The Internet is actually much larger than the “Web,” the Web refers to information accessible via HTML (Hypertext Markup Language) coded “pages.” HTML enables pages to be linked to each other via hyperlinks; these links are usually shown as words colored in blue and underlined. When you move your cursor over them, the cursor will change from a pointing arrow or I-beam to a pointing hand. Unfortunately while these pages are connected to each other, they do not provide an organized way of finding that information. In a way, the Internet is a vast unorganized mass of information whose only relationship is that they are accessible via the WWW and may link to other possibly related pages. Fortunately other methods have been developed over the years to guide us to the information we seek. We will discuss the more common and popular search tools that help us find the information we need out of the millions of Web sites in existence. We will also discuss briefly the limitations of these tools and the quality of the information available.
If you would like more explanations of the Internet look at How Internet Infrastructure Works (http://computer.howstuffworks.com/internet-infrastructure.htm) by Jeff Tyson, offered by HowStuffWorks, Inc.

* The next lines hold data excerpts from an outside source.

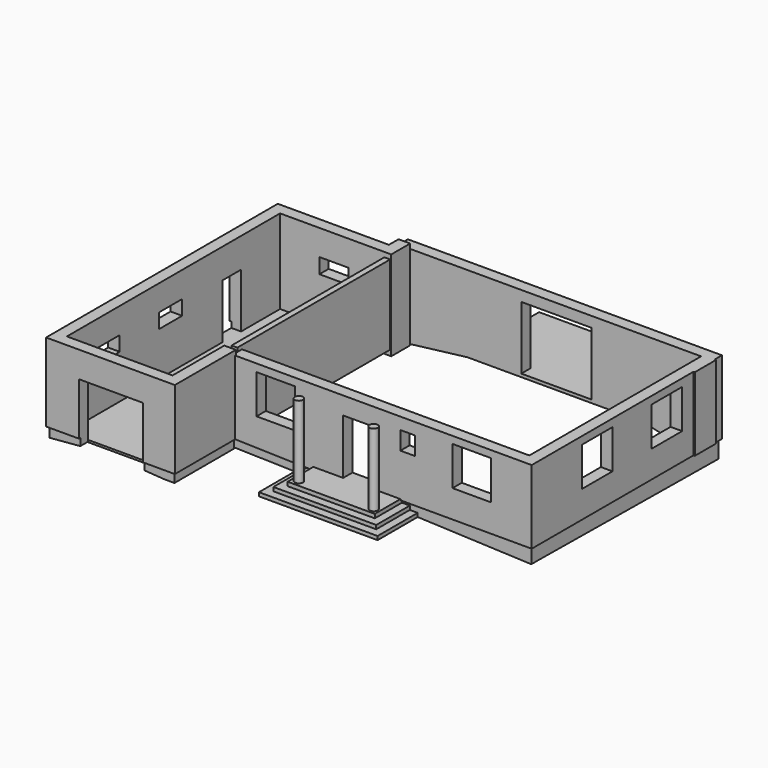
from build123d import *

# Parameters (mm, degrees)
F1_DEPTH      = 440
F2_DEPTH      = 370
F3_W          = 1110
F3_H          = 560
F4_DEPTH      = 370
F4_DEPTH_BACK = 70
F5_DEPTH      = 370
F6_W          = 3785
F6_H          = 2980
F6_W_2        = 1105
F6_H_2        = 575
F7_DEPTH      = 440
F6_W_3        = 370
F6_H_3        = 410
F8_DEPTH      = 370
F9_DEPTH      = 900
F6_H_4        = 430
F10_DEPTH     = 900
F11_W         = 190
F11_H         = 1765
F12_DEPTH     = 400
F14_DEPTH     = 440
F15_DEPTH     = 370
F16_DEPTH     = 3415
F18_DEPTH     = 440
F17_W         = 7250
F17_H         = 2800
F17_W_2       = 1460
F17_H_2       = 1480
F17_W_3       = 910
F17_W_4       = 100
F19_DEPTH     = 490
F20_DEPTH     = 370
F21_W         = 1460
F21_H         = 1480
F21_W_2       = 1470
F21_W_3       = 550
F21_H_2       = 690
F22_DEPTH     = 440
F23_DEPTH     = 370
F24_DEPTH     = 2275
F25_DEPTH     = 1965
F26_DEPTH     = 1660
F27_R         = 155
F28_DEPTH     = 2765
F29_W         = 2460
F29_H         = 2980
F30_DEPTH     = 440
F29_H_2       = 350
F29_W_2       = 370
F31_DEPTH     = 370
F33_DEPTH     = 80
F34_W         = 220
F34_H         = 900
F34_H_2       = 7260
F35_DEPTH     = 3020


with BuildPart() as f1:
    # F0 (on Front) → F1 (new body)
    with BuildSketch(Plane.XZ):
        Polygon((0, 2980), (0, 0), (70, 0), (1245, 0), (1245, 1990), (3685, 1990), (3685, 0), (4455, 0), (4455, 2980), align=None)
    extrude(amount=F1_DEPTH)

    # F0 (on Front) → F2 (join)
    with BuildSketch(Plane.XZ):
        Polygon((1245, 0), (70, 0), (70, -380), (1245, -280), (1245, -180), align=None)
        Polygon((4455, -350), (4455, 0), (3685, 0), (3685, -180), (3685, -300), align=None)
    extrude(amount=F2_DEPTH)

    # F3 (on face) → F4 (join, two sides)
    with BuildSketch(Plane(origin=(70, 0, 0), x_dir=(0, -1, 0), z_dir=(-1, 0, 0))) as f4_sk:
        Polygon((440, 0), (440, 2980), (-10130, 2980), (-10130, 0), (-8275, 0), (-8275, 1850), (-7385, 1850), (-7385, 0), (0, 0), (370, 0), align=None)
        with Locations((-4920, 1725)):
            Rectangle(F3_W, F3_H, mode=Mode.SUBTRACT)
        with Locations((-1955, 1725)):
            Rectangle(F3_W, F3_H, mode=Mode.SUBTRACT)
    extrude(amount=-F4_DEPTH)
    extrude(f4_sk.sketch, amount=F4_DEPTH_BACK)

    # F3 (on face) → F5 (join)
    with BuildSketch(Plane(origin=(70, 0, 0), x_dir=(0, -1, 0), z_dir=(-1, 0, 0))):
        Polygon((-8275, 0), (-10130, 0), (-10130, -410), (0, -380), (0, 0), (-7385, 0), (-7385, -220), (-8275, -220), align=None)
    extrude(amount=-F5_DEPTH)

    # F6 (on face) → F7 (join)
    with BuildSketch(Plane(origin=(0, 10130, 0), x_dir=(-1, 0, 0), z_dir=(0, 1, 0))):
        Polygon((0, 0), (0, 2980), (-440, 2980), (-440, 0), (-70, 0), align=None)
        with Locations((-2332.5, 1490)):
            Rectangle(F6_W, F6_H)
        with Locations((-2487.5, 1717.5)):
            Rectangle(F6_W_2, F6_H_2, mode=Mode.SUBTRACT)
    extrude(amount=F7_DEPTH)

    # F6 (on face) → F8 (join)
    with BuildSketch(Plane(origin=(0, 10130, 0), x_dir=(-1, 0, 0), z_dir=(0, 1, 0))):
        Polygon((-440, -410), (-440, 0), (-4225, 0), (-4295, 0), (-4295, -430), (-70, -410), align=None)
        with Locations((-255, -205)):
            Rectangle(F6_W_3, F6_H_3)
    extrude(amount=F8_DEPTH)

    # F6 (on face) → F9 (join)
    with BuildSketch(Plane(origin=(0, 10130, 0), x_dir=(-1, 0, 0), z_dir=(0, 1, 0))):
        Polygon((-4225, 0), (-4225, 2980), (-4665, 2980), (-4665, 0), (-4295, 0), align=None)
    extrude(amount=F9_DEPTH)

    # F6 (on face) → F10 (join)
    with BuildSketch(Plane(origin=(0, 10130, 0), x_dir=(-1, 0, 0), z_dir=(0, 1, 0))):
        with Locations((-4480, -215)):
            Rectangle(F6_W_3, F6_H_4)
    extrude(amount=F10_DEPTH)

    # F11 (on face) → F12 (cut)
    with BuildSketch(Plane(origin=(4225, 0, 0), x_dir=(0, -1, 0), z_dir=(-1, 0, 0))):
        with Locations((-10785, 1402.5)):
            Rectangle(F11_W, F11_H)
    extrude(amount=-F12_DEPTH, mode=Mode.SUBTRACT)

    # F13 (on face) → F14 (join)
    with BuildSketch(Plane(origin=(0, 11030, 0), x_dir=(-1, 0, 0), z_dir=(0, 1, 0))):
        Polygon((-6835, 0), (-4665, 0), (-4665, 2800), (-15725, 2800), (-15725, 0), (-13595, 0), (-11550, 0), (-11550, 2400), (-8890, 2400), (-8890, 0), align=None)
        Polygon((-4295, 0), (-4225, 0), (-4225, 2800), (-4665, 2800), (-4665, 0), align=None)
    extrude(amount=F14_DEPTH)

    # F13 (on face) → F15 (join)
    with BuildSketch(Plane(origin=(0, 11030, 0), x_dir=(-1, 0, 0), z_dir=(0, 1, 0))):
        Polygon((-13595, 0), (-15725, 0), (-15725, -660), (-13595, -120), align=None)
        Polygon((-4665, -384.842519685), (-4665, 0), (-6835, 0), (-6835, -120), align=None)
        Polygon((-4295, -430), (-4295, 0), (-4665, 0), (-4665, -384.842519685), align=None)
    extrude(amount=F15_DEPTH)

    # F13 (on face) → F16 (join)
    with BuildSketch(Plane(origin=(0, 11030, 0), x_dir=(-1, 0, 0), z_dir=(0, 1, 0))):
        Polygon((-6835, -120), (-6835, 0), (-8890, 0), (-11550, 0), (-13595, 0), (-13595, -120), align=None)
    extrude(amount=F16_DEPTH)

    # F17 (on face) → F18 (join)
    with BuildSketch(Plane.YZ.offset(15725)):
        Polygon((11400, 0), (11470, 0), (11470, 2800), (11130, 2800), (11130, 0), align=None)
    extrude(amount=F18_DEPTH)



with BuildPart() as f18:
    # F17 (on face) → F18, piece 2 (new body)
    with BuildSketch(Plane.YZ.offset(15725)):
        with Locations((6495, 1400)):
            Rectangle(F17_W, F17_H)
        with Locations((5540, 1770)):
            Rectangle(F17_W_2, F17_H_2, mode=Mode.SUBTRACT)
        with Locations((8850, 1770)):
            Rectangle(F17_W_2, F17_H_2, mode=Mode.SUBTRACT)
    extrude(amount=F18_DEPTH)


with BuildPart() as f1_1:
    add(f1.part)

    add(f18.part)  # F19 merges F18
    # F17 (on face) → F19 (join)
    with BuildSketch(Plane.YZ.offset(15725)):
        with Locations((10575, 1400)):
            Rectangle(F17_W_3, F17_H)
        with Locations((11080, 1400)):
            Rectangle(F17_W_4, F17_H)
    extrude(amount=F19_DEPTH)

    # F17 (on face) → F20 (join)
    with BuildSketch(Plane.YZ.offset(15725)):
        Polygon((11030, -656.0961313013), (11030, 0), (10120, 0), (2870, 0), (2870, -570), align=None)
        Polygon((11400, -660), (11400, 0), (11130, 0), (11030, 0), (11030, -656.0961313013), align=None)
    extrude(amount=F20_DEPTH)

    # F21 (on face) → F22 (join)
    with BuildSketch(Plane.XZ.offset(-2870)):
        Polygon((15725, 0), (15725, 2800), (4800, 2800), (4800, 0), (7865, -79.944847658), (7865, 40.055152342), (9000, 40.055152342), (9000, 2130.055152342), (10040, 2130.055152342), (10040, 40.055152342), (11175, 40.055152342), (11175, 0), align=None)
        with Locations((6435, 1770)):
            Rectangle(F21_W, F21_H, mode=Mode.SUBTRACT)
        with Locations((13890, 1790)):
            Rectangle(F21_W_2, F21_H, mode=Mode.SUBTRACT)
        with Locations((11450, 2005)):
            Rectangle(F21_W_3, F21_H_2, mode=Mode.SUBTRACT)
        Polygon((16165, 0), (16165, 2800), (15725, 2800), (15725, 0), (16095, 0), align=None)
    extrude(amount=F22_DEPTH)

    # F21 (on face) → F23 (join)
    with BuildSketch(Plane.XZ.offset(-2870)):
        Polygon((15725, -555.0068503781), (15725, 0), (11175, 0), (11175, -109.944847658), (11475, -109.944847658), (11475, -254.944847658), (11775, -254.944847658), (11775, -394.944847658), align=None)
        Polygon((16095, 0), (15725, 0), (15725, -555.0068503781), (16095, -570), align=None)
        Polygon((7865, -79.944847658), (4800, 0), (4730, 0), (4730, -330), (7265, -394.944847658), (7265, -254.944847658), (7565, -254.944847658), (7565, -109.944847658), (7865, -109.944847658), align=None)
    extrude(amount=F23_DEPTH)

    # F21 (on face) → F24 (join)
    with BuildSketch(Plane.XZ.offset(-2870)):
        Polygon((7265, -394.944847658), (11775, -394.944847658), (11775, -254.944847658), (11475, -254.944847658), (7565, -254.944847658), (7265, -254.944847658), align=None)
    extrude(amount=F24_DEPTH)

    # F21 (on face) → F25 (join)
    with BuildSketch(Plane.XZ.offset(-2870)):
        Polygon((11475, -109.944847658), (11175, -109.944847658), (7865, -109.944847658), (7565, -109.944847658), (7565, -254.944847658), (11475, -254.944847658), align=None)
    extrude(amount=F25_DEPTH)

    # F21 (on face) → F26 (join)
    with BuildSketch(Plane.XZ.offset(-2870)):
        Polygon((11175, -109.944847658), (11175, 0), (11175, 40.055152342), (10040, 40.055152342), (9000, 40.055152342), (7865, 40.055152342), (7865, -79.944847658), (7865, -109.944847658), align=None)
    extrude(amount=F26_DEPTH)

    # F27 (on face) → F28 (join)
    with BuildSketch(Plane.XY.offset(40.055152342)):
        with Locations((8095, 1455)):
            Circle(F27_R)
        with Locations((10950, 1440)):
            Circle(F27_R)
    extrude(amount=F28_DEPTH)

    # F29 (on face) → F30 (join)
    with BuildSketch(Plane.YZ.offset(4455)):
        with Locations((1230, 1490)):
            Rectangle(F29_W, F29_H)
        Polygon((0, 0), (0, 2980), (-440, 2980), (-440, 0), (-370, 0), align=None)
    extrude(amount=F30_DEPTH)

    # F29 (on face) → F31 (join)
    with BuildSketch(Plane.YZ.offset(4455)):
        with Locations((1230, -175)):
            Rectangle(F29_W, F29_H_2)
        with Locations((-185, -175)):
            Rectangle(F29_W_2, F29_H_2)
    extrude(amount=F31_DEPTH)

    # F32 (on face) → F33 (join)
    with BuildSketch(Plane.XY.offset(-220)):
        Polygon((440, 10130), (440, 8275), (440, 7385), (440, 0), (4455, 0), (4440, 10130), align=None)
    extrude(amount=-F33_DEPTH)

    # F34 (on face) → F35 (join)
    with BuildSketch(Plane.XY.offset(2800)):
        with Locations((4515, 10580)):
            Rectangle(F34_W, F34_H)
        with Locations((4515, 6500)):
            Rectangle(F34_W, F34_H_2)
    extrude(amount=-F35_DEPTH)


solid = f1_1.part

What are you really searching?
Finding the Web documents (a.k.a. Web “pages” or “sites”) you want can be easy or seem impossibly difficult. This is in part due to the sheer size of the WWW, currently estimated (http://news.netcraft.com/archives/web_server_survey.html) at over 633 million sites, which is not counting the number of documents or pages available at each one! It is also difficult because the WWW is not indexed in any standard vocabulary. Unlike a library’s catalog, which will use standardized Dewey or Library of Congress subject headings (i.e. a controlled list of topics) to find books, in Web searching you are always guessing what words will be in the pages you want to find or guessing what subject terms were chosen by someone to organize their web page or site covering some topic.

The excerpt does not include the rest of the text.